You can also view all the Matbench datasets on the matminer Dataset Summary page (search for “matbench”).

(Down)loading datasets¶

While you can download the zipped json datasets via the download links above, we recommend using matminer’s tools to load datasets. Matminer intelligently manages the dataset downloads in its central folder and provides methods for robustly loading dataframes containing pymatgen primitives such as structures.

You can load the datasets with the matminer.datasets.load_dataset function; the function accepts the dataset name as an argument. Here’s an example of loading the Matbench task for predicting refractive index (calculated with DFPT) from crystal structure.

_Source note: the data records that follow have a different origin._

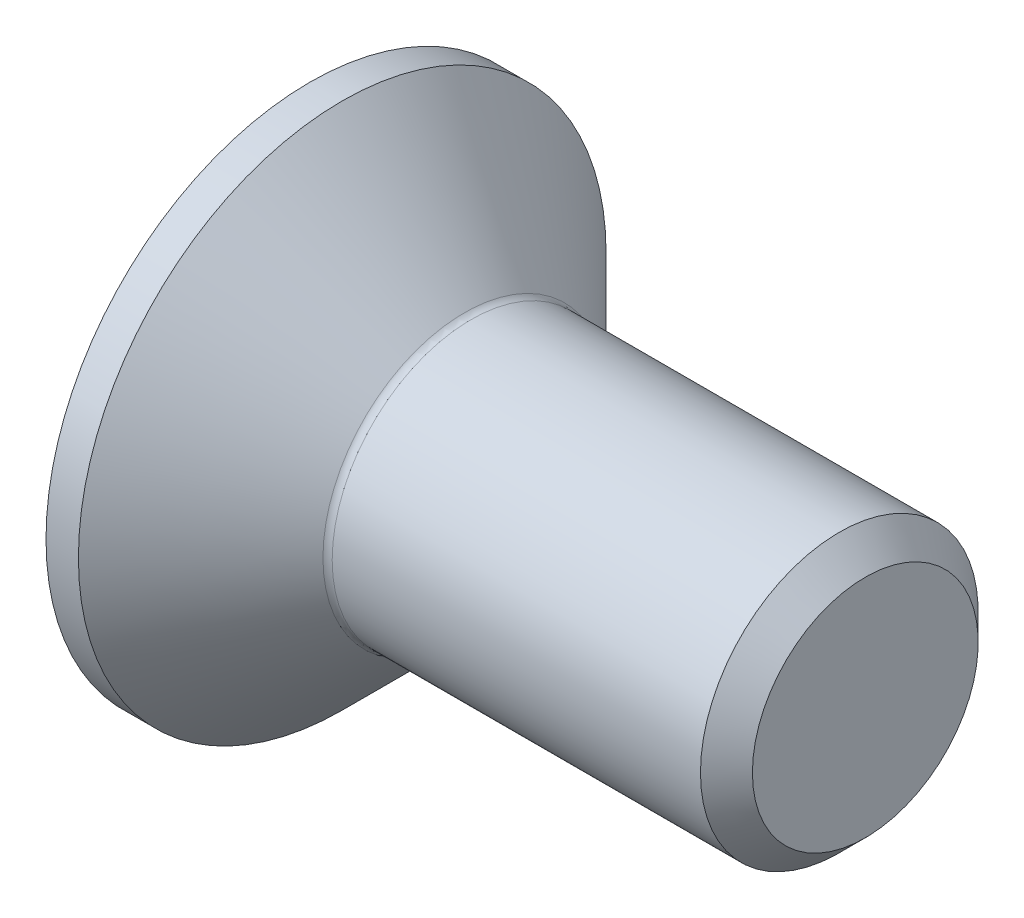
ISO-10303-21;
HEADER;
FILE_DESCRIPTION(('STEP AP214'),'2;1');
FILE_NAME('part.step','',(''),(''),'','','');
FILE_SCHEMA(('AUTOMOTIVE_DESIGN { 1 0 10303 214 1 1 1 1 }'));
ENDSEC;
DATA;
#1=APPLICATION_CONTEXT('core data for automotive mechanical design processes');
#2=APPLICATION_PROTOCOL_DEFINITION('international standard','automotive_design',2000,#1);
#3=PRODUCT_CONTEXT('',#1,'mechanical');
#4=PRODUCT('Part','Part','',(#3));
#5=PRODUCT_RELATED_PRODUCT_CATEGORY('part','',(#4));
#6=PRODUCT_DEFINITION_FORMATION('','',#4);
#7=PRODUCT_DEFINITION_CONTEXT('part definition',#1,'design');
#8=PRODUCT_DEFINITION('design','',#6,#7);
#9=PRODUCT_DEFINITION_SHAPE('','',#8);
#10=(LENGTH_UNIT() NAMED_UNIT(*) SI_UNIT(.MILLI.,.METRE.));
#11=(NAMED_UNIT(*) PLANE_ANGLE_UNIT() SI_UNIT($,.RADIAN.));
#12=(NAMED_UNIT(*) SI_UNIT($,.STERADIAN.) SOLID_ANGLE_UNIT());
#13=UNCERTAINTY_MEASURE_WITH_UNIT(LENGTH_MEASURE(1.E-05),#10,'distance_accuracy_value','');
#14=(GEOMETRIC_REPRESENTATION_CONTEXT(3) GLOBAL_UNCERTAINTY_ASSIGNED_CONTEXT((#13)) GLOBAL_UNIT_ASSIGNED_CONTEXT((#10,
#11,#12)) REPRESENTATION_CONTEXT('',''));
#15=CARTESIAN_POINT('',(0.,0.,0.));
#16=DIRECTION('',(0.,0.,1.));
#17=DIRECTION('',(1.,0.,0.));
#18=AXIS2_PLACEMENT_3D('',#15,#16,#17);
#19=CARTESIAN_POINT('',(6.,1.2195,0.));
#20=DIRECTION('',(1.,0.,0.));
#21=DIRECTION('',(0.,0.,-1.));
#22=AXIS2_PLACEMENT_3D('',#19,#20,#21);
#23=PLANE('',#22);
#24=CARTESIAN_POINT('',(5.99999999997181,0.,0.));
#25=DIRECTION('',(-1.,0.,0.));
#26=DIRECTION('',(0.,0.,1.));
#27=AXIS2_PLACEMENT_3D('',#24,#25,#26);
#28=CIRCLE('',#27,1.21950000004745);
#29=CARTESIAN_POINT('',(5.99999999997181,0.,1.21950000004745));
#30=VERTEX_POINT('',#29);
#31=EDGE_CURVE('E19',#30,#30,#28,.T.);
#32=ORIENTED_EDGE('',*,*,#31,.F.);
#33=EDGE_LOOP('',(#32));
#34=FACE_BOUND('',#33,.T.);
#35=ADVANCED_FACE('F16',(#34),#23,.T.);
#36=CARTESIAN_POINT('',(5.71950000011157,0.,0.));
#37=DIRECTION('',(-1.,0.,0.));
#38=DIRECTION('',(0.,0.,1.));
#39=AXIS2_PLACEMENT_3D('',#36,#37,#38);
#40=CONICAL_SURFACE('',#39,1.49999999985084,0.785398163296123);
#41=ORIENTED_EDGE('',*,*,#31,.T.);
#42=EDGE_LOOP('',(#41));
#43=FACE_BOUND('',#42,.T.);
#44=CARTESIAN_POINT('',(5.71949999999997,0.,0.));
#45=DIRECTION('',(-1.,0.,0.));
#46=DIRECTION('',(0.,0.,1.));
#47=AXIS2_PLACEMENT_3D('',#44,#45,#46);
#48=CIRCLE('',#47,1.49999999999998);
#49=CARTESIAN_POINT('',(5.71949999999997,0.,1.49999999999998));
#50=VERTEX_POINT('',#49);
#51=EDGE_CURVE('E308',#50,#50,#48,.T.);
#52=ORIENTED_EDGE('',*,*,#51,.F.);
#53=EDGE_LOOP('',(#52));
#54=FACE_BOUND('',#53,.T.);
#55=ADVANCED_FACE('F231',(#43,#54),#40,.T.);
#56=CARTESIAN_POINT('',(0.,0.,0.));
#57=DIRECTION('',(-1.,0.,0.));
#58=DIRECTION('',(0.,0.,1.));
#59=AXIS2_PLACEMENT_3D('',#56,#57,#58);
#60=CYLINDRICAL_SURFACE('',#59,1.49999999999998);
#61=ORIENTED_EDGE('',*,*,#51,.T.);
#62=EDGE_LOOP('',(#61));
#63=FACE_BOUND('',#62,.T.);
#64=CARTESIAN_POINT('',(1.74142135623733,0.,0.));
#65=DIRECTION('',(-1.,0.,0.));
#66=DIRECTION('',(0.,0.,1.));
#67=AXIS2_PLACEMENT_3D('',#64,#65,#66);
#68=CIRCLE('',#67,1.49999999999998);
#69=CARTESIAN_POINT('',(1.74142135623733,0.,1.49999999999998));
#70=VERTEX_POINT('',#69);
#71=EDGE_CURVE('E218',#70,#70,#68,.F.);
#72=ORIENTED_EDGE('',*,*,#71,.T.);
#73=EDGE_LOOP('',(#72));
#74=FACE_BOUND('',#73,.T.);
#75=ADVANCED_FACE('F227',(#63,#74),#60,.T.);
#76=CARTESIAN_POINT('',(1.74142135623733,0.,0.));
#77=DIRECTION('',(-1.,0.,0.));
#78=DIRECTION('',(0.,0.,1.));
#79=AXIS2_PLACEMENT_3D('',#76,#77,#78);
#80=TOROIDAL_SURFACE('',#79,1.59999999999998,0.1);
#81=ORIENTED_EDGE('',*,*,#71,.F.);
#82=EDGE_LOOP('',(#81));
#83=FACE_BOUND('',#82,.T.);
#84=CARTESIAN_POINT('',(1.67071067812685,0.,0.));
#85=DIRECTION('',(-1.,0.,0.));
#86=DIRECTION('',(0.,0.,1.));
#87=AXIS2_PLACEMENT_3D('',#84,#85,#86);
#88=CIRCLE('',#87,1.52928932192253);
#89=CARTESIAN_POINT('',(1.67071067812685,0.,1.52928932192253));
#90=VERTEX_POINT('',#89);
#91=EDGE_CURVE('E97',#90,#90,#88,.T.);
#92=ORIENTED_EDGE('',*,*,#91,.F.);
#93=EDGE_LOOP('',(#92));
#94=FACE_BOUND('',#93,.T.);
#95=ADVANCED_FACE('F223',(#83,#94),#80,.F.);
#96=CARTESIAN_POINT('',(1.20000000015352,0.,0.));
#97=DIRECTION('',(-1.,0.,0.));
#98=DIRECTION('',(0.,0.,1.));
#99=AXIS2_PLACEMENT_3D('',#96,#97,#98);
#100=CONICAL_SURFACE('',#99,1.00999999978058,1.04719755090824);
#101=CARTESIAN_POINT('',(1.78312377201451,0.,-3.41060513164848E-10));
#102=VERTEX_POINT('',#101);
#103=VERTEX_LOOP('',#102);
#104=FACE_BOUND('',#103,.T.);
#105=CARTESIAN_POINT('',(1.20000000005507,0.,0.));
#106=DIRECTION('',(-1.,0.,0.));
#107=DIRECTION('',(0.,0.,1.));
#108=AXIS2_PLACEMENT_3D('',#105,#106,#107);
#109=CIRCLE('',#108,1.00999999995111);
#110=CARTESIAN_POINT('',(1.20000000002328,0.,-1.00999999999175));
#111=VERTEX_POINT('',#110);
#112=CARTESIAN_POINT('',(1.20000000002753,0.874685657801112,-0.504999999987776));
#113=VERTEX_POINT('',#112);
#114=EDGE_CURVE('E314',#111,#113,#109,.F.);
#115=ORIENTED_EDGE('',*,*,#114,.F.);
#116=CARTESIAN_POINT('',(1.20000000005507,0.,0.));
#117=DIRECTION('',(-1.,0.,0.));
#118=DIRECTION('',(0.,0.,1.));
#119=AXIS2_PLACEMENT_3D('',#116,#117,#118);
#120=CIRCLE('',#119,1.00999999995111);
#121=CARTESIAN_POINT('',(1.20000000002753,-0.874685657801111,-0.504999999987777));
#122=VERTEX_POINT('',#121);
#123=EDGE_CURVE('E92',#122,#111,#120,.F.);
#124=ORIENTED_EDGE('',*,*,#123,.F.);
#125=CARTESIAN_POINT('',(1.20000000005507,0.,0.));
#126=DIRECTION('',(-1.,0.,0.));
#127=DIRECTION('',(0.,0.,1.));
#128=AXIS2_PLACEMENT_3D('',#125,#126,#127);
#129=CIRCLE('',#128,1.00999999995111);
#130=CARTESIAN_POINT('',(1.20000000002753,-0.874685657801111,0.504999999987777));
#131=VERTEX_POINT('',#130);
#132=EDGE_CURVE('E86',#131,#122,#129,.F.);
#133=ORIENTED_EDGE('',*,*,#132,.F.);
#134=CARTESIAN_POINT('',(1.20000000005507,0.,0.));
#135=DIRECTION('',(-1.,0.,0.));
#136=DIRECTION('',(0.,0.,1.));
#137=AXIS2_PLACEMENT_3D('',#134,#135,#136);
#138=CIRCLE('',#137,1.00999999995111);
#139=CARTESIAN_POINT('',(1.20000000002328,0.,1.00999999999175));
#140=VERTEX_POINT('',#139);
#141=EDGE_CURVE('E89',#140,#131,#138,.F.);
#142=ORIENTED_EDGE('',*,*,#141,.F.);
#143=CARTESIAN_POINT('',(1.20000000005507,0.,0.));
#144=DIRECTION('',(-1.,0.,0.));
#145=DIRECTION('',(0.,0.,1.));
#146=AXIS2_PLACEMENT_3D('',#143,#144,#145);
#147=CIRCLE('',#146,1.00999999995111);
#148=CARTESIAN_POINT('',(1.20000000002753,0.874685657801111,0.504999999987777));
#149=VERTEX_POINT('',#148);
#150=EDGE_CURVE('E108',#149,#140,#147,.F.);
#151=ORIENTED_EDGE('',*,*,#150,.F.);
#152=CARTESIAN_POINT('',(1.20000000005507,0.,0.));
#153=DIRECTION('',(-1.,0.,0.));
#154=DIRECTION('',(0.,0.,1.));
#155=AXIS2_PLACEMENT_3D('',#152,#153,#154);
#156=CIRCLE('',#155,1.00999999995111);
#157=EDGE_CURVE('E311',#113,#149,#156,.F.);
#158=ORIENTED_EDGE('',*,*,#157,.F.);
#159=EDGE_LOOP('',(#115,#124,#133,#142,#151,#158));
#160=FACE_BOUND('',#159,.T.);
#161=ADVANCED_FACE('F88',(#104,#160),#100,.F.);
#162=CARTESIAN_POINT('',(0.350000000082673,0.,0.));
#163=DIRECTION('',(-1.,0.,0.));
#164=DIRECTION('',(0.,0.,1.));
#165=AXIS2_PLACEMENT_3D('',#162,#163,#164);
#166=CONICAL_SURFACE('',#165,2.84999999996671,0.785398163397448);
#167=ORIENTED_EDGE('',*,*,#91,.T.);
#168=EDGE_LOOP('',(#167));
#169=FACE_BOUND('',#168,.T.);
#170=CARTESIAN_POINT('',(0.350000000000005,0.,0.));
#171=DIRECTION('',(-1.,0.,0.));
#172=DIRECTION('',(0.,0.,1.));
#173=AXIS2_PLACEMENT_3D('',#170,#171,#172);
#174=CIRCLE('',#173,2.85);
#175=CARTESIAN_POINT('',(0.350000000000005,0.,2.85));
#176=VERTEX_POINT('',#175);
#177=EDGE_CURVE('E107',#176,#176,#174,.T.);
#178=ORIENTED_EDGE('',*,*,#177,.F.);
#179=EDGE_LOOP('',(#178));
#180=FACE_BOUND('',#179,.T.);
#181=ADVANCED_FACE('F294',(#169,#180),#166,.T.);
#182=CARTESIAN_POINT('',(1.2,-1.16624754376304,0.));
#183=DIRECTION('',(-1.,0.,0.));
#184=DIRECTION('',(0.,0.,1.));
#185=AXIS2_PLACEMENT_3D('',#182,#183,#184);
#186=PLANE('',#185);
#187=DIRECTION('',(0.,-0.5,0.866025403784438));
#188=VECTOR('',#187,1.);
#189=CARTESIAN_POINT('',(1.2,-1.16624754376304,0.));
#190=LINE('',#189,#188);
#191=CARTESIAN_POINT('',(1.2,-1.16624754376304,0.));
#192=VERTEX_POINT('',#191);
#193=EDGE_CURVE('E113',#192,#122,#190,.F.);
#194=ORIENTED_EDGE('',*,*,#193,.F.);
#195=DIRECTION('',(0.,0.5,0.866025403784438));
#196=VECTOR('',#195,1.);
#197=CARTESIAN_POINT('',(1.2,-0.583123771881522,1.01));
#198=LINE('',#197,#196);
#199=EDGE_CURVE('E110',#131,#192,#198,.F.);
#200=ORIENTED_EDGE('',*,*,#199,.F.);
#201=ORIENTED_EDGE('',*,*,#132,.T.);
#202=EDGE_LOOP('',(#194,#200,#201));
#203=FACE_BOUND('',#202,.T.);
#204=ADVANCED_FACE('F111',(#203),#186,.T.);
#205=CARTESIAN_POINT('',(1.2,-1.16624754376304,0.));
#206=DIRECTION('',(-1.,0.,0.));
#207=DIRECTION('',(0.,0.,1.));
#208=AXIS2_PLACEMENT_3D('',#205,#206,#207);
#209=PLANE('',#208);
#210=DIRECTION('',(0.,-1.,0.));
#211=VECTOR('',#210,1.);
#212=CARTESIAN_POINT('',(1.2,-0.583123771881522,-1.01));
#213=LINE('',#212,#211);
#214=CARTESIAN_POINT('',(1.2,-0.583123771881521,-1.01));
#215=VERTEX_POINT('',#214);
#216=EDGE_CURVE('E177',#215,#111,#213,.F.);
#217=ORIENTED_EDGE('',*,*,#216,.F.);
#218=DIRECTION('',(0.,-0.5,0.866025403784438));
#219=VECTOR('',#218,1.);
#220=CARTESIAN_POINT('',(1.2,-1.16624754376304,0.));
#221=LINE('',#220,#219);
#222=EDGE_CURVE('E192',#122,#215,#221,.F.);
#223=ORIENTED_EDGE('',*,*,#222,.F.);
#224=ORIENTED_EDGE('',*,*,#123,.T.);
#225=EDGE_LOOP('',(#217,#223,#224));
#226=FACE_BOUND('',#225,.T.);
#227=ADVANCED_FACE('F288',(#226),#209,.T.);
#228=CARTESIAN_POINT('',(1.2,-1.16624754376304,0.));
#229=DIRECTION('',(-1.,0.,0.));
#230=DIRECTION('',(0.,0.,1.));
#231=AXIS2_PLACEMENT_3D('',#228,#229,#230);
#232=PLANE('',#231);
#233=DIRECTION('',(0.,-0.5,-0.866025403784439));
#234=VECTOR('',#233,1.);
#235=CARTESIAN_POINT('',(1.2,0.583123771881523,-1.01));
#236=LINE('',#235,#234);
#237=CARTESIAN_POINT('',(1.2,0.583123771881523,-1.01));
#238=VERTEX_POINT('',#237);
#239=EDGE_CURVE('E158',#238,#113,#236,.F.);
#240=ORIENTED_EDGE('',*,*,#239,.F.);
#241=DIRECTION('',(0.,-1.,0.));
#242=VECTOR('',#241,1.);
#243=CARTESIAN_POINT('',(1.2,-0.583123771881522,-1.01));
#244=LINE('',#243,#242);
#245=EDGE_CURVE('E173',#111,#238,#244,.F.);
#246=ORIENTED_EDGE('',*,*,#245,.F.);
#247=ORIENTED_EDGE('',*,*,#114,.T.);
#248=EDGE_LOOP('',(#240,#246,#247));
#249=FACE_BOUND('',#248,.T.);
#250=ADVANCED_FACE('F284',(#249),#232,.T.);
#251=CARTESIAN_POINT('',(1.2,-1.16624754376304,0.));
#252=DIRECTION('',(-1.,0.,0.));
#253=DIRECTION('',(0.,0.,1.));
#254=AXIS2_PLACEMENT_3D('',#251,#252,#253);
#255=PLANE('',#254);
#256=DIRECTION('',(0.,0.5,-0.866025403784439));
#257=VECTOR('',#256,1.);
#258=CARTESIAN_POINT('',(1.2,1.16624754376305,0.));
#259=LINE('',#258,#257);
#260=CARTESIAN_POINT('',(1.2,1.16624754376305,0.));
#261=VERTEX_POINT('',#260);
#262=EDGE_CURVE('E137',#261,#149,#259,.F.);
#263=ORIENTED_EDGE('',*,*,#262,.F.);
#264=DIRECTION('',(0.,-0.5,-0.866025403784439));
#265=VECTOR('',#264,1.);
#266=CARTESIAN_POINT('',(1.2,0.583123771881523,-1.01));
#267=LINE('',#266,#265);
#268=EDGE_CURVE('E154',#113,#261,#267,.F.);
#269=ORIENTED_EDGE('',*,*,#268,.F.);
#270=ORIENTED_EDGE('',*,*,#157,.T.);
#271=EDGE_LOOP('',(#263,#269,#270));
#272=FACE_BOUND('',#271,.T.);
#273=ADVANCED_FACE('F280',(#272),#255,.T.);
#274=CARTESIAN_POINT('',(1.2,-1.16624754376304,0.));
#275=DIRECTION('',(-1.,0.,0.));
#276=DIRECTION('',(0.,0.,1.));
#277=AXIS2_PLACEMENT_3D('',#274,#275,#276);
#278=PLANE('',#277);
#279=DIRECTION('',(0.,1.,0.));
#280=VECTOR('',#279,1.);
#281=CARTESIAN_POINT('',(1.2,0.583123771881523,1.01));
#282=LINE('',#281,#280);
#283=CARTESIAN_POINT('',(1.2,0.583123771881523,1.01));
#284=VERTEX_POINT('',#283);
#285=EDGE_CURVE('E132',#284,#140,#282,.F.);
#286=ORIENTED_EDGE('',*,*,#285,.F.);
#287=DIRECTION('',(0.,0.5,-0.866025403784439));
#288=VECTOR('',#287,1.);
#289=CARTESIAN_POINT('',(1.2,1.16624754376305,0.));
#290=LINE('',#289,#288);
#291=EDGE_CURVE('E133',#149,#284,#290,.F.);
#292=ORIENTED_EDGE('',*,*,#291,.F.);
#293=ORIENTED_EDGE('',*,*,#150,.T.);
#294=EDGE_LOOP('',(#286,#292,#293));
#295=FACE_BOUND('',#294,.T.);
#296=ADVANCED_FACE('F277',(#295),#278,.T.);
#297=CARTESIAN_POINT('',(1.2,-1.16624754376304,0.));
#298=DIRECTION('',(-1.,0.,0.));
#299=DIRECTION('',(0.,0.,1.));
#300=AXIS2_PLACEMENT_3D('',#297,#298,#299);
#301=PLANE('',#300);
#302=DIRECTION('',(0.,0.5,0.866025403784438));
#303=VECTOR('',#302,1.);
#304=CARTESIAN_POINT('',(1.2,-0.583123771881522,1.01));
#305=LINE('',#304,#303);
#306=CARTESIAN_POINT('',(1.2,-0.583123771881521,1.01));
#307=VERTEX_POINT('',#306);
#308=EDGE_CURVE('E102',#307,#131,#305,.F.);
#309=ORIENTED_EDGE('',*,*,#308,.F.);
#310=DIRECTION('',(0.,1.,0.));
#311=VECTOR('',#310,1.);
#312=CARTESIAN_POINT('',(1.2,0.583123771881523,1.01));
#313=LINE('',#312,#311);
#314=EDGE_CURVE('E105',#140,#307,#313,.F.);
#315=ORIENTED_EDGE('',*,*,#314,.F.);
#316=ORIENTED_EDGE('',*,*,#141,.T.);
#317=EDGE_LOOP('',(#309,#315,#316));
#318=FACE_BOUND('',#317,.T.);
#319=ADVANCED_FACE('F100',(#318),#301,.T.);
#320=CARTESIAN_POINT('',(0.,0.,0.));
#321=DIRECTION('',(-1.,0.,0.));
#322=DIRECTION('',(0.,0.,1.));
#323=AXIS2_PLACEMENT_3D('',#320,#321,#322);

from matminer.datasets import load_dataset

# Download and load the dataset
# The dataset is stored locally after being downloaded the first time
df = load_dataset("matbench_dielectric")

# Check out the downloaded dataframe
print(df)

                                              structure         n
   [[4.29304147 2.4785886  1.07248561] S, [4.2930...  1.752064
   [[3.95051434 4.51121437 0.28035002] K, [4.3099...  1.652859
   [[-1.78688104  4.79604117  1.53044621] Rb, [-1...  1.867858
   [[4.51438064 4.51438064 0.        ] Mn, [0.133...  2.676887
   [[-4.36731958  6.8886097   0.50929706] Li, [-2...  1.793232
                                                 ...       ...
[[ 2.79280881  0.12499663 -1.84045389] Ca, [-2...  2.136837
[[0.         5.50363806 3.84192106] O, [4.7662...  2.690619
[[0. 0. 0.] Ba, [ 0.23821924  4.32393487 -0.35...  2.811494
[[0.         0.18884638 0.        ] K, [0.    ...  1.832887
[[0. 0. 0.] Cs, [2.80639641 2.80639641 2.80639...  2.559279
[4764 rows x 2 columns]

This loads the dataframe in this format:

df (matbench_dielectric)

`structure`	`n`
`<structure object>`	1.752064
`<structure object>`	1.652859
`<structure object>`	1.867858
…	…

Note: Larger datasets will take several minutes to load.

Benchmarking and reporting your algorithm¶

Benchmarking on Matbench v0.1 is done exclusively with nested cross validation (NCV). See more details on NCV on the Advanced Usage page and the original publication.

If you want to evaluate your own (algorithm outside of the Automatminer framework) and compare to the scores on this page, please use the following steps:

Download the dataset programmatically through matminer (instructions above). Note the dataset must be used in the exact order in which it was downloaded.
Generate test folds: Use the scikit-learn KFold (5 splits, shuffled, random seed 18012019) for regression problems and StratifiedKFold (5 splits, shuffled, random seed 18012019) for classification problems.
For each fold:
1. Train, validate, and select your best model using this fold’s set of training data only. After training and validating, no modiications may be made to the model based on the test set of this fold.
2. Remove the target variable column from the test set. Use this model to predict the test set. Note: this test data is for reporting only, and cannot be used for validation or training within this fold.
3. Record the mean MAE or ROC-AUC for each fold’s test set. Save the test fold data.
4. Save your model.
Post your results for verification. Make a post on the discussion forum with the tag [Matbench] in the title. Once your results are verified, your algorithm will appear on the leaderboard!

If you are benchmarking a general-purpose algorithm, please include results for all Matbench v0.1 datasets.